BEGIN
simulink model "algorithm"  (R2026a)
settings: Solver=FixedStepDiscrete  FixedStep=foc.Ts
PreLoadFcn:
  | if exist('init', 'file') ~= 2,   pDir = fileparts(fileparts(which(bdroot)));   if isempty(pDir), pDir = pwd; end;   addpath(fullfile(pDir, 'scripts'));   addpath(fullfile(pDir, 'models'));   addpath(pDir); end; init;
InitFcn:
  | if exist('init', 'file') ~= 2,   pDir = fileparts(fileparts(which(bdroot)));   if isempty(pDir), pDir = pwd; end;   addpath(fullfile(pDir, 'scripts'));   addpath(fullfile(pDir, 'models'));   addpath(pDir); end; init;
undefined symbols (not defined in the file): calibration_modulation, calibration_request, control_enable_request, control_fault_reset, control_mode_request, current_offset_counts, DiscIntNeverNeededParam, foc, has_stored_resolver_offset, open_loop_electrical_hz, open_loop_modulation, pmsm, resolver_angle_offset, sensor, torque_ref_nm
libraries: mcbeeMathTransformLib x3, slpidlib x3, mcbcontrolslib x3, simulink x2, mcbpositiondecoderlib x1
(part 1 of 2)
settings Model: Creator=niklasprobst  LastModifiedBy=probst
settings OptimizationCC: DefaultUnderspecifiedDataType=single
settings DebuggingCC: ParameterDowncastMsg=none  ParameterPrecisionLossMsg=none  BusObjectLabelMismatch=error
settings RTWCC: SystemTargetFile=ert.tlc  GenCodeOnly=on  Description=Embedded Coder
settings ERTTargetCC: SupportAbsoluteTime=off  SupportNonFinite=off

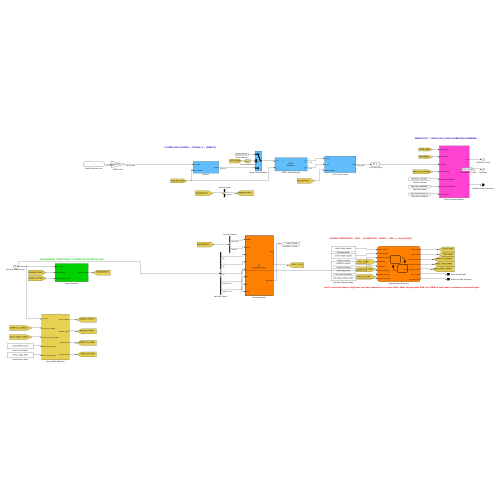
[thumbnail: Simulink's stored preview of the top-level diagram]
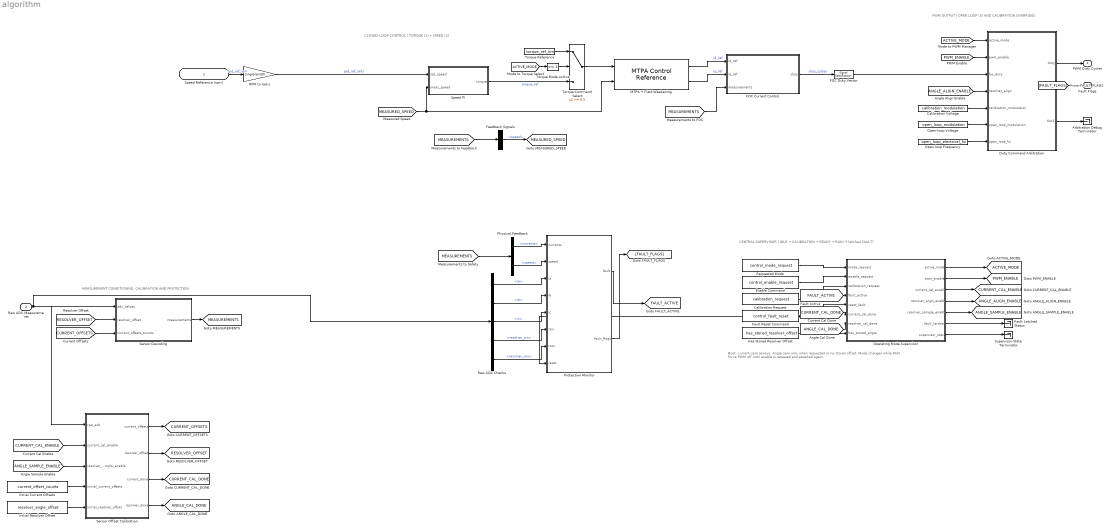
== system algorithm ==
  note: CLOSED-LOOP CONTROL | TORQUE (1) • SPEED (2)
  note: PWM OUTPUT | OPEN LOOP (3) AND CALIBRATION OVERRIDES
  note: MEASUREMENT CONDITIONING, CALIBRATION AND PROTECTION
  note: CENTRAL SUPERVISOR | IDLE → CALIBRATION → READY → RUN (+ latched FAULT)
  note: Boot: current-zero always. Angle-zero only when requested or no stored offset. Mode changes while RUN force PWM off until enable is released and asserted again.
  Speed Reference (rpm) : Inport  OutDataTypeStr=single
  Raw ADC Measurements : Inport  Port=2  OutDataTypeStr=Bus: adc_values
  Arbitration Debug Terminator : Terminator
      settings: Tag=algorithm_clean_routing
  Calibration Request : Constant  Value=calibration_request  OutDataTypeStr=uint8
  Calibration Voltage : Constant  Value=calibration_modulation  OutDataTypeStr=single
  Duty Command Arbitration : Subsystem
  Enable Command : Constant  Value=control_enable_request  OutDataTypeStr=boolean
  FOC Current Control : Subsystem
  FOC Duty Vector : SignalSpecification  Dimensions=3
  Fault Latched Status : Terminator
  Fault Reset Command : Constant  Value=control_fault_reset  OutDataTypeStr=boolean
  Feedback Signals : BusSelector  OutputSignals=speed
  Has Stored Resolver Offset : Constant  Value=has_stored_resolver_offset  OutDataTypeStr=boolean
  Initial Current Offsets : Constant  Value=current_offset_counts  OutDataTypeStr=single
  Initial Resolver Offset : Constant  Value=resolver_angle_offset  OutDataTypeStr=single
  MTPA + Field Weakening : mcbcontrolslib/MTPA Control Reference  VariantSelect=Interior PMSM  polePairs=pmsm.P  Rs=pmsm.Rs  Ld=pmsm.Ld  Lq=pmsm.Lq  FluxPM=pmsm.fl  ilimit=pmsm.I_rated  Vdc_input_select=Specify via dialog  V_dc=pmsm.V_rated  Units=SI Units  N_base=pmsm.N_base  I_base=pmsm.I_rated  T_base=1  V_base=pmsm.V_rated/sqrt(3)  N_base_disp=pmsm.N_base  MTPAiterator=on  iterCount=10
  Open-loop Frequency : Constant  Value=open_loop_electrical_hz  OutDataTypeStr=single
  Open-loop Voltage : Constant  Value=open_loop_modulation  OutDataTypeStr=single
  Operating Mode Supervisor : Stateflow chart  TreatAsAtomicUnit=on
  Physical Feedback : BusSelector  OutputSignals=currents,speed
  Protection Monitor : MATLAB Function  TreatAsAtomicUnit=on
  RPM to rad-s : Gain  Gain=single(pi/30)  OutDataTypeStr=single
  Raw ADC Checks : BusSelector  OutputSignals=ia,ib,ic,resolver_sin,resolver_cos
  Requested Mode : Constant  Value=control_mode_request  OutDataTypeStr=uint8
  Sensor Decoding : Subsystem  Description=|
      | EVADC TO PHYSICAL SENSOR MEASUREMENT CONDITIONING
      | =================================================
      | 1. WHAT IT DOES:
      | Hardware abstraction interface that transforms raw 12-bit integer counts from the
      | Infineon AURIX TC387 EVADC into single-precision physical SI measurements packed into
      | the 'algo_measurement' bus.
      | 
      | 2. INTERFACE SIGNALS:
      | - Input:  'adc_values' bus (uint16 channels: ia, ib, ic, resolver_sin, resolver_cos)
      | - Output: 'measurements' bus (algo_measurement):
      |     * currents [A]    : 3-phase stator currents (Phase A, B, C)
      |     * MtrPos   [rad]  : Mechanical rotor angle in [0, 2*pi)
      |     * speed    [rad/s]: Filtered mechanical rotor speed
      | 
      | 3. INTERNAL SUBMODULES:
      |   1) Current measurement: Signed offset removal & scaling (0..4095 counts -> -120..+120 A).
      |   2) Position measurement: Center removal, normalization, atan2, and [0, 2*pi) wrapping.
      |   3) Speed from position: Differentiator with circular 2*pi unwrapping & 150 Hz LPF.
      | 
      | 4. WHY IT IS NEEDED:
      | Decouples microcontroller register hardware formats from core FOC algorithms, ensuring
      | pure single-precision floating-point execution, determinism, and seamless code generation.
      | Execution rate: Ts = 50 us (20 kHz).
  Sensor Offset Calibration : Subsystem
  Speed PI : Subsystem
  Supervisor State Terminator : Terminator
  Torque Command Select : Switch  Threshold=0.5  SaturateOnIntegerOverflow=off  InputSameDT=off
  Torque Mode Active : simulink/Logic and Bit Operations/Compare To Constant  relop===  const=1  OutDataTypeStr=boolean
  Torque Reference : Constant  Value=torque_ref_nm  OutDataTypeStr=single
  PWM Duty Cycles : Outport  OutDataTypeStr=single
  Fault Flags : Outport  Port=2  OutDataTypeStr=uint32
  tag scope: ACTIVE_MODE=global, ANGLE_ALIGN_ENABLE=global, ANGLE_CAL_DONE=global, ANGLE_SAMPLE_ENABLE=global, CURRENT_CAL_DONE=global, CURRENT_CAL_ENABLE=global, CURRENT_OFFSETS=global, FAULT_ACTIVE=global, MEASURED_SPEED=global, MEASUREMENTS=global, PWM_ENABLE=global, RESOLVER_OFFSET=global
  wires:
  Speed Reference (rpm)/1 -> RPM to rad-s/1  "spd_ref_rpm"
  RPM to rad-s/1 -> Speed PI/1(set_speed)  "spd_ref_rads"
  [MEASURED_SPEED] -> Speed PI/2(meas_speed), MTPA + Field Weakening/2
  Torque Reference/1 -> Torque Command Select/1
  [ACTIVE_MODE] -> Torque Mode Active/1
  Torque Mode Active/1 -> Torque Command Select/2
  Speed PI/1(torque) -> Torque Command Select/3  "torque_ref"
  Torque Command Select/1 -> MTPA + Field Weakening/1
  MTPA + Field Weakening/1 -> FOC Current Control/1(id_ref)  "id_ref"
  MTPA + Field Weakening/2 -> FOC Current Control/2(iq_ref)  "iq_ref"
  [MEASUREMENTS] -> FOC Current Control/3(measurements)
  FOC Current Control/1(duty) -> FOC Duty Vector/1  "duty_cycles"
  FOC Duty Vector/1 -> Duty Command Arbitration/3(foc_duty)
  [ACTIVE_MODE] -> Duty Command Arbitration/1(active_mode)
  [PWM_ENABLE] -> Duty Command Arbitration/2(pwm_enable)
  [ANGLE_ALIGN_ENABLE] -> Duty Command Arbitration/4(resolver_align)
  Calibration Voltage/1 -> Duty Command Arbitration/5(calibration_modulation)
  Open-loop Voltage/1 -> Duty Command Arbitration/6(open_loop_modulation)
  Open-loop Frequency/1 -> Duty Command Arbitration/7(open_loop_hz)
  Duty Command Arbitration/1(duty) -> PWM Duty Cycles/1
  Duty Command Arbitration/2(Out1) -> Arbitration Debug Terminator/1
  Sensor Decoding/1(measurements) -> [MEASUREMENTS]
  [RESOLVER_OFFSET] -> Sensor Decoding/2(resolver_offset)
  [CURRENT_OFFSETS] -> Sensor Decoding/3(current_offsets_counts)
  [MEASUREMENTS] -> Feedback Signals/1
  Feedback Signals/1 -> [MEASURED_SPEED]  "<speed>"
  [MEASUREMENTS] -> Physical Feedback/1
  Physical Feedback/1 -> Protection Monitor/1(currents)  "<currents>"
  Physical Feedback/2 -> Protection Monitor/2(speed)  "<speed>"
  Raw ADC Checks/1 -> Protection Monitor/3(ia)  "<ia>"
  Raw ADC Checks/2 -> Protection Monitor/4(ib)  "<ib>"
  Raw ADC Checks/3 -> Protection Monitor/5(ic)  "<ic>"
  Raw ADC Checks/4 -> Protection Monitor/6(rsin)  "<resolver_sin>"
  Raw ADC Checks/5 -> Protection Monitor/7(rcos)  "<resolver_cos>"
  Protection Monitor/1(fault) -> [FAULT_ACTIVE]
  [CURRENT_CAL_ENABLE] -> Sensor Offset Calibration/2(current_cal_enable)
  [ANGLE_SAMPLE_ENABLE] -> Sensor Offset Calibration/3(resolver_sample_enable)
  Initial Current Offsets/1 -> Sensor Offset Calibration/4(initial_current_offsets)
  Initial Resolver Offset/1 -> Sensor Offset Calibration/5(initial_resolver_offset)
  Sensor Offset Calibration/1(current_offsets) -> [CURRENT_OFFSETS]
  Sensor Offset Calibration/2(resolver_offset) -> [RESOLVER_OFFSET]
  Sensor Offset Calibration/3(current_done) -> [CURRENT_CAL_DONE]
  Sensor Offset Calibration/4(resolver_done) -> [ANGLE_CAL_DONE]
  Requested Mode/1 -> Operating Mode Supervisor/1(mode_request)
  Enable Command/1 -> Operating Mode Supervisor/2(enable_request)
  Calibration Request/1 -> Operating Mode Supervisor/3(calibration_request)
  [FAULT_ACTIVE] -> Operating Mode Supervisor/4(fault_active)
  Fault Reset Command/1 -> Operating Mode Supervisor/5(reset_fault), Protection Monitor/8(reset)
  [CURRENT_CAL_DONE] -> Operating Mode Supervisor/6(current_cal_done)
  [ANGLE_CAL_DONE] -> Operating Mode Supervisor/7(resolver_cal_done)
  Has Stored Resolver Offset/1 -> Operating Mode Supervisor/8(has_stored_angle)
  Operating Mode Supervisor/1(active_mode) -> [ACTIVE_MODE]
  Operating Mode Supervisor/2(pwm_enable) -> [PWM_ENABLE]
  Operating Mode Supervisor/3(current_cal_enable) -> [CURRENT_CAL_ENABLE]
  Operating Mode Supervisor/4(resolver_align_enable) -> [ANGLE_ALIGN_ENABLE]
  Operating Mode Supervisor/5(resolver_sample_enable) -> [ANGLE_SAMPLE_ENABLE]
  Operating Mode Supervisor/6(fault_latched) -> Fault Latched Status/1
  Operating Mode Supervisor/7(supervisor_state) -> Supervisor State Terminator/1
  Raw ADC Measurements/1 -> Sensor Decoding/1(adc_values), Sensor Offset Calibration/1(raw_adc), Raw ADC Checks/1
  Protection Monitor/2(fault_flags) -> [FAULT_FLAGS]
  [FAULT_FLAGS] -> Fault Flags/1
END
Using the records above, copy word for word the line with "RPM to rad-s/1 ->", the line with "[MEASUREMENTS] -> FOC", and every line between them.

### Reply to the task
  RPM to rad-s/1 -> Speed PI/1(set_speed)  "spd_ref_rads"
  [MEASURED_SPEED] -> Speed PI/2(meas_speed), MTPA + Field Weakening/2
  Torque Reference/1 -> Torque Command Select/1
  [ACTIVE_MODE] -> Torque Mode Active/1
  Torque Mode Active/1 -> Torque Command Select/2
  Speed PI/1(torque) -> Torque Command Select/3  "torque_ref"
  Torque Command Select/1 -> MTPA + Field Weakening/1
  MTPA + Field Weakening/1 -> FOC Current Control/1(id_ref)  "id_ref"
  MTPA + Field Weakening/2 -> FOC Current Control/2(iq_ref)  "iq_ref"
  [MEASUREMENTS] -> FOC Current Control/3(measurements)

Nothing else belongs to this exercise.